I cattolici tradizionali sono anch'essi pecore del gregge di Cristo e hanno bisogno delle cure di un pastore.
Cordileone celebra la Messa delle Americhe
Molti hanno già scritto efficacemente circa le preoccupazioni e le sofferenze suscitate dal motu proprio del Papa, Traditionis Custodes, che fissa norme ferree che limitano la celebrazione della Messa tradizionale in latino. Ho celebrato in questa “forma straordinaria” (oltre che nella forma ordinaria) da più di 32 anni e ne ho scritto spesso. Quindi, cerco di aggiungere la mia voce.
Devo dire che sono addolorato e sbalordito da questo documento e dalla lettera ai vescovi che lo accompagna. Penso non tanto alla mia eventuale perdita, ma ai tanti cattolici che ho servito che amano la forma straordinaria. Per tanto tempo e in tanti luoghi essi sono stati spesso trattati con durezza e sono stati emarginati per il loro amore per la forma della liturgia conosciuta dalla maggior parte dei santi.

Papa Benedetto e Papa San Giovanni Paolo II hanno cercato di sanare la frattura col graduale inserimento nella vita della Chiesa della celebrazione della forma antiquior del Rito Romano. In effetti il loro messaggio per quei cattolici era: “Voi siete importanti per noi. Siete i nostri figli e le nostre figlie.
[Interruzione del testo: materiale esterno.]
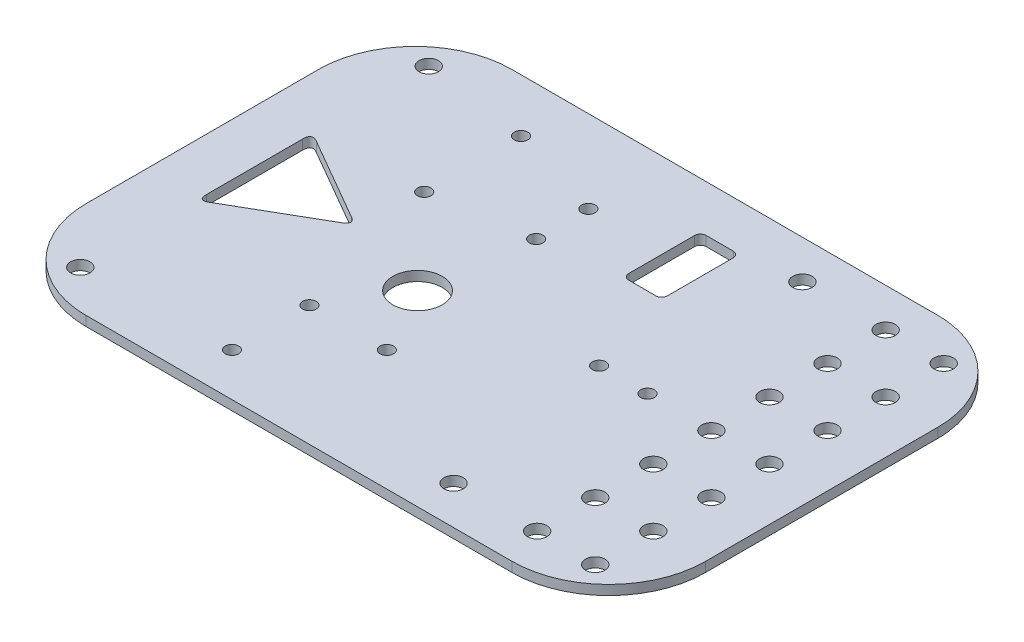
SolidWorks part; units mm, degrees
ref_plane "Front Plane" through (0, 0, 0) normal (0, 0, 1) x (1, 0, 0)
ref_plane "Top Plane" through (0, 0, 0) normal (0, 1, 0) x (1, 0, 0)
ref_plane "Right Plane" through (0, 0, 0) normal (1, 0, 0) x (0, 0, -1)
sketch "Sketch1" plane through (0, 0, 0) normal (0, 1, 0) x (1, 0, 0)
  line L2 (-160, 110) -> (160, 110)
  line L3 (-160, 110) -> (-160, -110)
  line L4 (-160, -110) -> (160, -110)
  line L5 (160, 110) -> (160, -110)
  line L6 (-160, 110) -> (160, -110) construction
  line L7 (-160, -110) -> (160, 110) construction
  point P3 (0, 0)
  dimension "D1" = 320
  dimension "D2" = 220
extrude "the upper chasiss" add sketch "Sketch1" along normal mid plane 5 contours L3 L2 L5 L4
sketch "Sketch2" plane through (0, 0, 0) normal (0, 1, 0) x (1, 0, 0)
  line L0 (160, 0) -> (-160, 0) construction
  line L1 (160, 110) -> (160, -110) construction
  line L2 (-160, 110) -> (-160, -110) construction
  circle A0 centre (70, 0) radius 3.5
  circle A1 centre (45, 0) radius 3.5
  dimension "D1" = 7
  dimension "D2" = 7
  dimension "D3" = 25
  dimension "D4" = 90
extrude "Battary" cut sketch "Sketch2" along normal up to surface and the other way up to surface up to face at (0, 2.5, 0) other way up to face at (0, -2.5, 0)
sketch "Sketch3" plane through (0, 0, 0) normal (0, 1, 0) x (1, 0, 0)
  line L1 (-56.8984, -47.7601) -> (-16.8984, -47.7601) construction
  line L2 (-56.8984, -47.7601) -> (-56.8984, -87.7601) construction
  circle A0 centre (-56.8984, -47.7601) radius 3.5
  circle A1 centre (-16.8984, -47.7601) radius 3.5
  circle A2 centre (-56.8984, -87.7601) radius 3.5
  dimension "D1" = 7
  dimension "D2" = 7
  dimension "D3" = 7
  dimension "D4" = 40
  dimension "D5" = 40
extrude "power section" cut sketch "Sketch3" against normal up to surface and the other way up to surface up to face at (70, -2.5, -3.5) other way up to face at (70, 2.5, -3.5)
sketch "arduino" plane through (0, 0, 0) normal (0, 1, 0) x (1, 0, 0)
  line L0 (-77.9335, 82.5888) -> (-77.9335, 32.5888) construction
  line L1 (-77.9335, 32.5888) -> (-27.9335, 40.3888) construction
  line L2 (-27.9335, 40.3888) -> (-27.9335, 67.3888) construction
  line L3 (-27.9335, 67.3888) -> (-77.9335, 82.5888) construction
  circle A0 centre (-77.9335, 82.5888) radius 3.5
  circle A1 centre (-77.9335, 32.5888) radius 3.5
  circle A2 centre (-27.9335, 67.3888) radius 3.5
  circle A3 centre (-27.9335, 40.3888) radius 3.5
  dimension "D1" = 7
  dimension "D2" = 7
  dimension "D3" = 7
  dimension "D4" = 7
  dimension "D5" = 50
  dimension "D6" = 27
  dimension "D7" = 50
  dimension "D8" = 15.2
extrude "arduino section" cut sketch "arduino" against normal mid plane 5
sketch "Sketch7" plane through (0, 2.5, 0) normal (0, 1, 0) x (1, 0, 0)
  line L0 (-160, 0) -> (160, 0) construction
  line L1 (-160, 110) -> (-160, -110) construction
  line L2 (160, 110) -> (160, -110) construction
  line L3 (0, 110) -> (0, -110) construction
  line L4 (-160, 110) -> (160, 110) construction
  line L5 (-160, -110) -> (160, -110) construction
  line L6 (-133, -90) -> (-133, 0) construction
  line L7 (-133, 90) -> (-133, 0) construction
  line L8 (60, 90) -> (60, -90.1777) construction
  circle A2 centre (-133, -90) radius 5
  circle A3 centre (-133, 90) radius 5
  circle A4 centre (60, -90.1777) radius 5
  circle A5 centre (60, 90) radius 5
  dimension "D1" = 10
  dimension "D2" = 10
  dimension "D5" = 10
  dimension "D6" = 10
  dimension "D3" = 20
  dimension "D4" = 27
  dimension "D7" = 100
extrude "link nails" cut sketch "Sketch7" against normal mid plane 10
sketch "Sketch9" plane through (0, 2.5, 0) normal (0, 1, 0) x (1, 0, 0)
  line L0 (160, 0) -> (-160, 0) construction
  line L1 (160, 110) -> (160, -110) construction
  line L2 (-160, 110) -> (-160, -110) construction
  line L4 (11.3906, 85.9212) -> (31.3906, 85.9212)
  line L5 (11.3906, 85.9212) -> (11.3906, 45.9212)
  line L6 (11.3906, 45.9212) -> (31.3906, 45.9212)
  line L7 (31.3906, 85.9212) -> (31.3906, 45.9212)
  line L8 (11.3906, 85.9212) -> (31.3906, 45.9212) construction
  line L9 (11.3906, 45.9212) -> (31.3906, 85.9212) construction
  point P6 (126.2109, 0)
  dimension "D1" = 20
  dimension "D2" = 40
extrude "rect cut" cut sketch "Sketch9" against normal mid plane 10
sketch "Sketch10" plane through (0, 2.5, 0) normal (0, 1, 0) x (1, 0, 0)
  circle A0 centre (-35.5184, -13.2763) radius 12.759
extrude "circ cut" cut sketch "Sketch10" against normal mid plane 10
fillet "Fillet4" radius 50 4 edges at (-160, 0, 110) (160, 0, 110) (160, 0, -110) (-160, 0, -110) first distance on face at (0, 0, 110) first distance on face at (0, 0, -110)
sketch "Sketch11" plane through (0, 0, 0) normal (0, 1, 0) x (1, 0, 0)
  line L6 (-133, 90) -> (197.2842, 90) construction
  line L7 (-110, 110) -> (110, 110) construction
  line L9 (160, 60) -> (160, -60) construction
  line L10 (-133, -90) -> (197.2842, -90) construction
  circle A2 centre (133, 90) radius 5
  dimension "D1" = 20
  dimension "D2" = 10
  dimension "D3" = 27
extrude "Cut-Extrude1" cut sketch "Sketch11" against normal mid plane 10
pattern_linear "LPattern1" count 7 spacing 30 along (0, 0, 1) count 2 spacing 30 along (-1, 0, 0) of "Cut-Extrude1"
fillet "Fillet5" radius 3 4 edges at (11.3906, 0, -45.9212) (31.3906, 0, -45.9212) (11.3906, 0, -85.9212) (31.3906, 0, -85.9212)
sketch "Sketch13" plane through (0, 0, 0) normal (0, 1, 0) x (1, 0, 0)
  line L0 (-133, 90) -> (-133, -90) construction
  line L1 (-160, 0) -> (160, 0) construction
  line L2 (-160, 60) -> (-160, -60) construction
  line L3 (160, 60) -> (160, -60) construction
  line L4 (-133, 30) -> (-81.0385, 0)
  line L5 (-81.0385, 0) -> (-133, -30)
  line L6 (-133, -30) -> (-133, 30)
  dimension "D1" = 60
extrude "Cut-Extrude2" cut sketch "Sketch13" against normal mid plane 10
fillet "Fillet6" radius 3 3 edges at (-133, 0, 30) (-81.0385, 0, 0) (-133, 0, -30) curvature continuous yes
equation "\"carWidth\"= 22cm'the car full width"
equation "\"carLong\"= 32cm"
equation "\"D2@Sketch1\"=\"carWidth\""
equation "\"D1@Sketch1\"=\"carLong\""
equation "\"chasissTheikness\"= 0.5cm"
equation "\"D1@the upper chasiss\"=\"chasissTheikness\" "
equation "\"battaryMargin\"= 25mm'the width between the two battary nails"
equation "\"battaryNailsDiam\"= 7mm'battary Nails Diameters"
equation "\"D1@Sketch2\"=\"battaryNailsDiam\""
equation "\"D2@Sketch2\"=\"battaryNailsDiam\""
equation "\"D3@Sketch2\"=\"battaryMargin\""
equation "\"powerWidht\"= 40mm"
equation "\"powerNailDiam\"= 7mm"
equation "\"D1@Sketch3\"=\"powerNailDiam\""
equation "\"D2@Sketch3\"=\"powerNailDiam\""
equation "\"D3@Sketch3\"=\"powerNailDiam\""
equation "\"D4@Sketch3\"=\"powerWidht\""
equation "\"D5@Sketch3\"=\"powerWidht\""
equation "\"arduinoTopWidth\"= 50mm'the width between nails"
equation "\"arduinoBottomWidth\"= 27mm'the width between nails"
equation "\"arduinoNailsDiam\"= 7mm'the nail diameter"
equation "\"D1@arduino\" = \"arduinoNailsDiam\""
equation "\"D2@arduino\" = \"arduinoNailsDiam\""
equation "\"D3@arduino\" = \"arduinoNailsDiam\""
equation "\"D4@arduino\" = \"arduinoNailsDiam\""
equation "\"D5@arduino\" = \"arduinoTopWidth\""
equation "\"D6@arduino\" = \"arduinoBottomWidth\""
equation "\"D7@arduino\" = \"arduinoTopWidth\""
equation "\"arduinoTobBottomShift\"= 15.2mm"
equation "\"D8@arduino\" = \"arduinoTobBottomShift\""
equation "\"chasissNailsDiam\"= 10mm"
equation "\"D2@Sketch7\"=\"chasissNailsDiam\""
equation "\"D1@Sketch7\"=\"chasissNailsDiam\""
equation "\"D5@Sketch7\"=\"chasissNailsDiam\""
equation "\"D6@Sketch7\"=\"chasissNailsDiam\""
equation "\"10ةة\"=12.1958"

Il vostro amore per la tradizione è legittimo e comprensibile e abbiamo l'obbligo di prenderci cura dei vostri bisogni spirituali e del vostro benessere”.

Qui a Washington, DC, la forma straordinaria è esistita pacificamente accanto alla forma ordinaria in circa 10 delle nostre parrocchie. Non abbiamo parrocchie dedicate esclusivamente alla celebrazione della Messa in latino.

Mentre i fedeli di entrambe le "parti" possono avere preferenze, anche forti, c'è stato rispetto reciproco e volontà di fare spazio gli uni agli altri. Qualunque tensioni possano esserci, sono inferiori e non così diverse da quelle che emergono dal diverso mosaico delle comunità etniche.

In questa diocesi si celebra la messa in decine di lingue. Alcune delle nostre liturgie di rito orientale vengono celebrate anche nelle nostre parrocchie di rito romano. Abbiamo anche una parrocchia che ospita la tradizione liturgica anglicana e quasi una dozzina che ospita la liturgia del Cammino Neocatecumenale con tutti i suoi adattamenti. In qualche modo, facciamo tutti spazio gli uni agli altri e affrontiamo bene le sfide logistiche.

Apparentemente, papa Francesco non vede questa diversità ricca e pacifica quando si tratta della Messa tradizionale in latino. Invece, nella sua lettera di presentazione, scrive ai vescovi del mondo di vedere qualcosa di molto diverso:
«Una possibilità offerta da san Giovanni Paolo II e con magnanimità ancora maggiore da Benedetto XVI al fine di ricomporre l’unità del corpo ecclesiale nel rispetto delle varie sensibilità liturgiche è stata usata per aumentare le distanze, indurire le differenze, costruire contrapposizioni che feriscono la Chiesa e ne frenano il cammino, esponendola al rischio di divisioni».
Anche se altre espressioni di diversità possono essergli tollerabili o gradite, la messa in latino sembra essere l'unico neo. Con un'attenzione speciale che mostra eccessiva durezza, attribuisce la colpa delle divisioni ai cattolici tradizionali che frequentano la messa in latino.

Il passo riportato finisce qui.